§ Material for the task:
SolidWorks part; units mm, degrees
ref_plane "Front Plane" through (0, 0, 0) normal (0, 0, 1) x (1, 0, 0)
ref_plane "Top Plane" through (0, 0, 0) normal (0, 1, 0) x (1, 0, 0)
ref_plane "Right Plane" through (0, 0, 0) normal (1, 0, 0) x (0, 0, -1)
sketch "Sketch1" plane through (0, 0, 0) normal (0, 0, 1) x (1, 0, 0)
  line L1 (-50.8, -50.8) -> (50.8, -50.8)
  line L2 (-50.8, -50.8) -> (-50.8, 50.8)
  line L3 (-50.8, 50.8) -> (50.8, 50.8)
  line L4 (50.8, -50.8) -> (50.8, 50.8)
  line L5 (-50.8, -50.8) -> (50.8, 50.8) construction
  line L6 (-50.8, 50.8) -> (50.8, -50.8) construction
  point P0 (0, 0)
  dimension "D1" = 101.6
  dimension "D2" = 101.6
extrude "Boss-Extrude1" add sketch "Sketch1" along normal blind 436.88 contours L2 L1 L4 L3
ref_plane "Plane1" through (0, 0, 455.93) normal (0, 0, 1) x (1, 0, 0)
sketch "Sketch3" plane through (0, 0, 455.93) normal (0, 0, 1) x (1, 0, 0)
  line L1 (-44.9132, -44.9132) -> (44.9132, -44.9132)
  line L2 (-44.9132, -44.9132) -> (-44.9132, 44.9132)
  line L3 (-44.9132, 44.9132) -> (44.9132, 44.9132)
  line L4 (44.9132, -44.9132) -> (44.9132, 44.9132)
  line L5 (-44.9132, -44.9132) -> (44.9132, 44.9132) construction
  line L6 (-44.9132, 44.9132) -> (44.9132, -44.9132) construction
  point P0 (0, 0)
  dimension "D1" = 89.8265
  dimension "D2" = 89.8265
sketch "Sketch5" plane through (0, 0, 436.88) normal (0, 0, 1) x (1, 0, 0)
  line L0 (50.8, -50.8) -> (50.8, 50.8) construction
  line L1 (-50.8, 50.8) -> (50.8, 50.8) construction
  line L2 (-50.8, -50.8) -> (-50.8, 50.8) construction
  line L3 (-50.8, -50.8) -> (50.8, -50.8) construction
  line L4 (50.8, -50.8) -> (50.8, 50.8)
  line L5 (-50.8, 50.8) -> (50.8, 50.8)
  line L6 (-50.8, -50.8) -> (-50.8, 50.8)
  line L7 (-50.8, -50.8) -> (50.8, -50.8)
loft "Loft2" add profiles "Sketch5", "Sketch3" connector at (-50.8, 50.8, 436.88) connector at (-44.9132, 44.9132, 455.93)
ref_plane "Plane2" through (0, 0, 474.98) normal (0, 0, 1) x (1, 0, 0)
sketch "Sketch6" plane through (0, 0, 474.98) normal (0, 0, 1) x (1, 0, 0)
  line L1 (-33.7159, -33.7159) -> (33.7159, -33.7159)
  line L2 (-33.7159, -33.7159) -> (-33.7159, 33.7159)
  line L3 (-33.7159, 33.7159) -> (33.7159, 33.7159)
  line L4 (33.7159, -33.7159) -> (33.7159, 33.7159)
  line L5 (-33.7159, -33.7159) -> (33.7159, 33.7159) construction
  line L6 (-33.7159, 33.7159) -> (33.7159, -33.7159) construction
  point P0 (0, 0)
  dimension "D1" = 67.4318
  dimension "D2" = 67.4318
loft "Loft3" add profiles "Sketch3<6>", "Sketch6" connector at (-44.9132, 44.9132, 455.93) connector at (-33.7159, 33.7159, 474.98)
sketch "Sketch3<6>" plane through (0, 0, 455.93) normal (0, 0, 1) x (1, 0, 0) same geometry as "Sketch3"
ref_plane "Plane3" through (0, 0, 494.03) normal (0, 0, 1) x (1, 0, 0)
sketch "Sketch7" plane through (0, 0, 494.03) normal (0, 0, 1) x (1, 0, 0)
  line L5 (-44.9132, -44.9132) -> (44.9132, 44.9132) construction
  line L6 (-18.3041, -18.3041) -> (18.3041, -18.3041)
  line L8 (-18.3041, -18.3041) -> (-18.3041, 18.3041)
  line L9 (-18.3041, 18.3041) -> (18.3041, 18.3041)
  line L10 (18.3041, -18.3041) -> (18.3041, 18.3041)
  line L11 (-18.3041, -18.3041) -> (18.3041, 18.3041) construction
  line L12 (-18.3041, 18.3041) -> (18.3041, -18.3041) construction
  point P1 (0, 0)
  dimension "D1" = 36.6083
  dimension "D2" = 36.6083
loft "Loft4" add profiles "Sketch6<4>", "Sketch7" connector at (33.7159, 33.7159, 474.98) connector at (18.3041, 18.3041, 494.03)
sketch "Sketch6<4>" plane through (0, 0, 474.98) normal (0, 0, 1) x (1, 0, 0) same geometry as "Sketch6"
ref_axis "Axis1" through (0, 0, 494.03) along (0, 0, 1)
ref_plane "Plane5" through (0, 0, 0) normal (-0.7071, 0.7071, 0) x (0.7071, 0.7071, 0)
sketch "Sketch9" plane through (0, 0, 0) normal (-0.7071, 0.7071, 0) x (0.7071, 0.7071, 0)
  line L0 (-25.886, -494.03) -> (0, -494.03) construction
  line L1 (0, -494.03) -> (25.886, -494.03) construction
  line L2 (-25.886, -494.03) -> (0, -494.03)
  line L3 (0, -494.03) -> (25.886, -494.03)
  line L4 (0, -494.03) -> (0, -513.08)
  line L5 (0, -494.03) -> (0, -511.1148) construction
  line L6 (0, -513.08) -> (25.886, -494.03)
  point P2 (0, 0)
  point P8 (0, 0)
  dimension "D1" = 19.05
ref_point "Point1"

§ Task goal:
Please retype each entry above exactly as it is written.

§ Task solution:
SolidWorks part; units mm, degrees
ref_plane "Front Plane" through (0, 0, 0) normal (0, 0, 1) x (1, 0, 0)
ref_plane "Top Plane" through (0, 0, 0) normal (0, 1, 0) x (1, 0, 0)
ref_plane "Right Plane" through (0, 0, 0) normal (1, 0, 0) x (0, 0, -1)
sketch "Sketch1" plane through (0, 0, 0) normal (0, 0, 1) x (1, 0, 0)
  line L1 (-50.8, -50.8) -> (50.8, -50.8)
  line L2 (-50.8, -50.8) -> (-50.8, 50.8)
  line L3 (-50.8, 50.8) -> (50.8, 50.8)
  line L4 (50.8, -50.8) -> (50.8, 50.8)
  line L5 (-50.8, -50.8) -> (50.8, 50.8) construction
  line L6 (-50.8, 50.8) -> (50.8, -50.8) construction
  point P0 (0, 0)
  dimension "D1" = 101.6
  dimension "D2" = 101.6
extrude "Boss-Extrude1" add sketch "Sketch1" along normal blind 436.88 contours L2 L1 L4 L3
ref_plane "Plane1" through (0, 0, 455.93) normal (0, 0, 1) x (1, 0, 0)
sketch "Sketch3" plane through (0, 0, 455.93) normal (0, 0, 1) x (1, 0, 0)
  line L1 (-44.9132, -44.9132) -> (44.9132, -44.9132)
  line L2 (-44.9132, -44.9132) -> (-44.9132, 44.9132)
  line L3 (-44.9132, 44.9132) -> (44.9132, 44.9132)
  line L4 (44.9132, -44.9132) -> (44.9132, 44.9132)
  line L5 (-44.9132, -44.9132) -> (44.9132, 44.9132) construction
  line L6 (-44.9132, 44.9132) -> (44.9132, -44.9132) construction
  point P0 (0, 0)
  dimension "D1" = 89.8265
  dimension "D2" = 89.8265
sketch "Sketch5" plane through (0, 0, 436.88) normal (0, 0, 1) x (1, 0, 0)
  line L0 (50.8, -50.8) -> (50.8, 50.8) construction
  line L1 (-50.8, 50.8) -> (50.8, 50.8) construction
  line L2 (-50.8, -50.8) -> (-50.8, 50.8) construction
  line L3 (-50.8, -50.8) -> (50.8, -50.8) construction
  line L4 (50.8, -50.8) -> (50.8, 50.8)
  line L5 (-50.8, 50.8) -> (50.8, 50.8)
  line L6 (-50.8, -50.8) -> (-50.8, 50.8)
  line L7 (-50.8, -50.8) -> (50.8, -50.8)
loft "Loft2" add profiles "Sketch5", "Sketch3" connector at (-50.8, 50.8, 436.88) connector at (-44.9132, 44.9132, 455.93)
ref_plane "Plane2" through (0, 0, 474.98) normal (0, 0, 1) x (1, 0, 0)
sketch "Sketch6" plane through (0, 0, 474.98) normal (0, 0, 1) x (1, 0, 0)
  line L1 (-33.7159, -33.7159) -> (33.7159, -33.7159)
  line L2 (-33.7159, -33.7159) -> (-33.7159, 33.7159)
  line L3 (-33.7159, 33.7159) -> (33.7159, 33.7159)
  line L4 (33.7159, -33.7159) -> (33.7159, 33.7159)
  line L5 (-33.7159, -33.7159) -> (33.7159, 33.7159) construction
  line L6 (-33.7159, 33.7159) -> (33.7159, -33.7159) construction
  point P0 (0, 0)
  dimension "D1" = 67.4318
  dimension "D2" = 67.4318
loft "Loft3" add profiles "Sketch3<6>", "Sketch6" connector at (-44.9132, 44.9132, 455.93) connector at (-33.7159, 33.7159, 474.98)
sketch "Sketch3<6>" plane through (0, 0, 455.93) normal (0, 0, 1) x (1, 0, 0) same geometry as "Sketch3"
ref_plane "Plane3" through (0, 0, 494.03) normal (0, 0, 1) x (1, 0, 0)
sketch "Sketch7" plane through (0, 0, 494.03) normal (0, 0, 1) x (1, 0, 0)
  line L5 (-44.9132, -44.9132) -> (44.9132, 44.9132) construction
  line L6 (-18.3041, -18.3041) -> (18.3041, -18.3041)
  line L8 (-18.3041, -18.3041) -> (-18.3041, 18.3041)
  line L9 (-18.3041, 18.3041) -> (18.3041, 18.3041)
  line L10 (18.3041, -18.3041) -> (18.3041, 18.3041)
  line L11 (-18.3041, -18.3041) -> (18.3041, 18.3041) construction
  line L12 (-18.3041, 18.3041) -> (18.3041, -18.3041) construction
  point P1 (0, 0)
  dimension "D1" = 36.6083
  dimension "D2" = 36.6083
loft "Loft4" add profiles "Sketch6<4>", "Sketch7" connector at (33.7159, 33.7159, 474.98) connector at (18.3041, 18.3041, 494.03)
sketch "Sketch6<4>" plane through (0, 0, 474.98) normal (0, 0, 1) x (1, 0, 0) same geometry as "Sketch6"
ref_axis "Axis1" through (0, 0, 494.03) along (0, 0, 1)
ref_plane "Plane5" through (0, 0, 0) normal (-0.7071, 0.7071, 0) x (0.7071, 0.7071, 0)
sketch "Sketch9" plane through (0, 0, 0) normal (-0.7071, 0.7071, 0) x (0.7071, 0.7071, 0)
  line L0 (-25.886, -494.03) -> (0, -494.03) construction
  line L1 (0, -494.03) -> (25.886, -494.03) construction
  line L2 (-25.886, -494.03) -> (0, -494.03)
  line L3 (0, -494.03) -> (25.886, -494.03)
  line L4 (0, -494.03) -> (0, -513.08)
  line L5 (0, -494.03) -> (0, -511.1148) construction
  line L6 (0, -513.08) -> (25.886, -494.03)
  point P2 (0, 0)
  point P8 (0, 0)
  dimension "D1" = 19.05
ref_point "Point1"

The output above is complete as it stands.